Ниннарьедду, которого переполняло и счастье, и желание поиграть, уединился вместе с братишкой. Прежде всего он сообщил ему совершенно новое слово: «путтана». [10] И стал блаженно хохотать, когда Узеппе тут же сумел это слово повторить — естественно, на свой лад — «пумпана». Видя, в какое веселье приходит Ниннарьедду всякий раз, как слышит это слово, Узеппе понял, что оно невероятно смешное, так что впоследствии, едва сказав «пумпана», он даже и в отсутствие брата начинал смеяться, как сумасшедший.
10
Puttana — «многодетная мать», впоследствии «проститутка»; по-русски неточно транслируется как «путана».
После этого они стали секретничать, и старший брат сообщил младшему, что скоро он прокатит его на велосипеде по всему Риму, поскольку через два, максимум через три дня он рассчитывает получить в подарок гоночный велосипед. И оставив Узеппе в залог это необыкновенное обещание, он снова исчез, окутавшись роскошью и блеском, похожий на всех сказочных фей разом.

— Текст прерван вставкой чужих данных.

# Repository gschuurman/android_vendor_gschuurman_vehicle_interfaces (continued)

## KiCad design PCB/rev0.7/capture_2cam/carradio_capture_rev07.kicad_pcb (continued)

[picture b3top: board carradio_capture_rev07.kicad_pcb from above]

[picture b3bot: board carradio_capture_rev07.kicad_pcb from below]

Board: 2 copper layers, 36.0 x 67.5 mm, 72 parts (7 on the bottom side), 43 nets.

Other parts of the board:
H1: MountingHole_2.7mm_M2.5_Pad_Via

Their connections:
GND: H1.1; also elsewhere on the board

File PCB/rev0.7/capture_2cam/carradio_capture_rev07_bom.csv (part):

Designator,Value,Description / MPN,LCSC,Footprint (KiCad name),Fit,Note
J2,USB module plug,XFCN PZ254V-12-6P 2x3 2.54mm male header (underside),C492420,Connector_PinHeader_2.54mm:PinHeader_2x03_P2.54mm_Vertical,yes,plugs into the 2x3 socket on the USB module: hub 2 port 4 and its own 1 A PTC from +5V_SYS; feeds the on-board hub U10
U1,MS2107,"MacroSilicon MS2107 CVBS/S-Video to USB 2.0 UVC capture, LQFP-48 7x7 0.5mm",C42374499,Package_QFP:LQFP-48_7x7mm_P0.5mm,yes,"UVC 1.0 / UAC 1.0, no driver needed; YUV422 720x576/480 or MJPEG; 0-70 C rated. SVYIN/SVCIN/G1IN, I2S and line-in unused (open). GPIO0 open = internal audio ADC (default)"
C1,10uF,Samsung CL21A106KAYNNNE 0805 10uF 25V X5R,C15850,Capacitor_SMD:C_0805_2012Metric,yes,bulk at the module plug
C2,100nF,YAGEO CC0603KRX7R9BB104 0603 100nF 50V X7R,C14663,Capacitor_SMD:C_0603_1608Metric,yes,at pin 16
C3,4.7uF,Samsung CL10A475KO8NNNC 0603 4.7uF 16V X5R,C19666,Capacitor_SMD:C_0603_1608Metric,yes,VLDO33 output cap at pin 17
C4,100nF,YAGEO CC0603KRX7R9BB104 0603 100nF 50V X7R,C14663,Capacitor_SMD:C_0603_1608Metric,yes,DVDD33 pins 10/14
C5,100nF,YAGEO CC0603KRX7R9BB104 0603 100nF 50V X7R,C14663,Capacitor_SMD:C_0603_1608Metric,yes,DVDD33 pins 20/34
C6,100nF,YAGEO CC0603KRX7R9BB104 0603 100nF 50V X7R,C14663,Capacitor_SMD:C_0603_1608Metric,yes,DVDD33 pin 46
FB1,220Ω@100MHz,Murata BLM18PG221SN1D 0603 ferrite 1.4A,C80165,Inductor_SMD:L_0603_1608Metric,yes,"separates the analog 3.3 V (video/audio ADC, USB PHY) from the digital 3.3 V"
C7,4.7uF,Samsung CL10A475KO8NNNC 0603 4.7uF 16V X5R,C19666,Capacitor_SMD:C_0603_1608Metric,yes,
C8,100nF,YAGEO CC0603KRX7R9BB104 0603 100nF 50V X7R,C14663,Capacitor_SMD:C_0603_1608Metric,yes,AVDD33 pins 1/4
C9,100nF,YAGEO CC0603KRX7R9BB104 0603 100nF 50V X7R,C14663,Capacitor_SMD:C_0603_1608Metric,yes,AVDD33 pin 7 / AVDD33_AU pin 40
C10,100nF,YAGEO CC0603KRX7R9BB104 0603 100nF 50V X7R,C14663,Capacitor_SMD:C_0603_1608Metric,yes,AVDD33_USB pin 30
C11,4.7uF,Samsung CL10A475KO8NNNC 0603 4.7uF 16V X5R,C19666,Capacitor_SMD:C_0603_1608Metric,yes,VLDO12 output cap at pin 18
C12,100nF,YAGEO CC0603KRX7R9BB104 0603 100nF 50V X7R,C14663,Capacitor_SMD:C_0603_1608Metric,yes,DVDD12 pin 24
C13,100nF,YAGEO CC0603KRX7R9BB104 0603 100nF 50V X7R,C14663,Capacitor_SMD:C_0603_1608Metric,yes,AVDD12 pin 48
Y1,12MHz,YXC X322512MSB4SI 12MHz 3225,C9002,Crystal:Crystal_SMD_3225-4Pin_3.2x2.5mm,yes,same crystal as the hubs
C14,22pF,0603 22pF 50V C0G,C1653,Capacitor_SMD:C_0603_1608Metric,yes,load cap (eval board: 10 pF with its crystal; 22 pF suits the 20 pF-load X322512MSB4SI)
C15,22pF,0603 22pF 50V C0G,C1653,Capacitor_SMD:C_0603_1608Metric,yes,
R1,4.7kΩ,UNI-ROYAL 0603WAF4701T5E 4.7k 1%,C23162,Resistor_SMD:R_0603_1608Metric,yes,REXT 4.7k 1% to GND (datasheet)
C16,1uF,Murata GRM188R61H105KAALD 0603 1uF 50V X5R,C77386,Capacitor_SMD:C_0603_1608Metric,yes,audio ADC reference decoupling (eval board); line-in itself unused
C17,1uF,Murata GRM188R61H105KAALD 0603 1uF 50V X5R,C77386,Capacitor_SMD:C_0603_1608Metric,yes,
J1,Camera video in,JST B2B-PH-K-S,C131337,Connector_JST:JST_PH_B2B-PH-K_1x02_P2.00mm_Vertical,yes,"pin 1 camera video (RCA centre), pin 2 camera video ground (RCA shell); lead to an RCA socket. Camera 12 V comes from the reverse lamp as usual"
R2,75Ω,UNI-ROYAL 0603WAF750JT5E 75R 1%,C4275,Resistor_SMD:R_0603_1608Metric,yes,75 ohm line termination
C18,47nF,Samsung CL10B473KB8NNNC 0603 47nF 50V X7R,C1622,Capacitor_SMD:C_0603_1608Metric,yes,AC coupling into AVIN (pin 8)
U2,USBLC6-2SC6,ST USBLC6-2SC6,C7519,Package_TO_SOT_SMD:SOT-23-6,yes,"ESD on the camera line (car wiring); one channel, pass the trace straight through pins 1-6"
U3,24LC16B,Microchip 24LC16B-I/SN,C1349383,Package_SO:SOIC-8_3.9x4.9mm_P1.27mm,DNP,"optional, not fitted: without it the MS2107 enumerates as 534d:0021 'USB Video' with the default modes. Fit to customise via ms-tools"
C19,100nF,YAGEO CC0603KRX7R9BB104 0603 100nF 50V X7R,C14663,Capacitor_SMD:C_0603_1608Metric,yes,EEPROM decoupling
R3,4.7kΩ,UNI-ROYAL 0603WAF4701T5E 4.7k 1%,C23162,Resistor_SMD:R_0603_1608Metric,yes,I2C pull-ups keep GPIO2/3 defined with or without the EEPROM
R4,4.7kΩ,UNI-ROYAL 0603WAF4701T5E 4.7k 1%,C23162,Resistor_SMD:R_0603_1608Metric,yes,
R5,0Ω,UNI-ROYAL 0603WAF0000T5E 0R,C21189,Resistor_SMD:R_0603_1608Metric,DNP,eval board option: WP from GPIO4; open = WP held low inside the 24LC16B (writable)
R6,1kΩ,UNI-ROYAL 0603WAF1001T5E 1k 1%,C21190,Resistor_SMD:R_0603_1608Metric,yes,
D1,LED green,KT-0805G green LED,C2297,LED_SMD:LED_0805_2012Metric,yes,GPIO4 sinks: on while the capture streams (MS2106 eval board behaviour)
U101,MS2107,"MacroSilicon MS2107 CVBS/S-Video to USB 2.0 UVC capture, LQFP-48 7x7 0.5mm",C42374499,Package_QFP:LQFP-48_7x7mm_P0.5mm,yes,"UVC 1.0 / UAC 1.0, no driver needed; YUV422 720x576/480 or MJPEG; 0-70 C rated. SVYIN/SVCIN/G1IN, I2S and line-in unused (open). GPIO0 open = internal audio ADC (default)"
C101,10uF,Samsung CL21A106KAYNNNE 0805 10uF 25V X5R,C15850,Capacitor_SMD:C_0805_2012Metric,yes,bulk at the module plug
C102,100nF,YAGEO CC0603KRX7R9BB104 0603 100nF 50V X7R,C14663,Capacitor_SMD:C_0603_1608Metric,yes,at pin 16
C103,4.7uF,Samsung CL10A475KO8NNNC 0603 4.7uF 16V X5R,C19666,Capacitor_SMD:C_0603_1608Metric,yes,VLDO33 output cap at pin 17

Но свое обещание насчет велосипеда он не сдержал. Пробыв в отсутствии еще два дня и три ночи, он вернулся пешком в непонятное время — около шести утра. Узеппе в этот час еще спал глубоким сном, а Идуцца, только что вставшая, отваривала на газовом рожке капустные кочерыжки для дневной трапезы. Как обычно, Нино явился в сопровождении Блица, который пребывал в неслыханной депрессии и был столь голодным, что не пренебрег куском сырой кочерыжки, обнаруженной под столом. Сам же Нино, хотя и был все еще в обновках, продемонстрированных незадолго до этого, выглядел помято, грязно и как-то обесцвеченно, словно человек, долгое время спавший под мостами. На лице, весьма бледном, а также на тыльной стороне ладони у него было несколько глубоких и свирепых царапин. Он не стал проходить в комнаты, а уселся на сундук возле входной двери и так на нем и остался — насупленный, безмолвный, словно раздавленный чьим-то проклятием.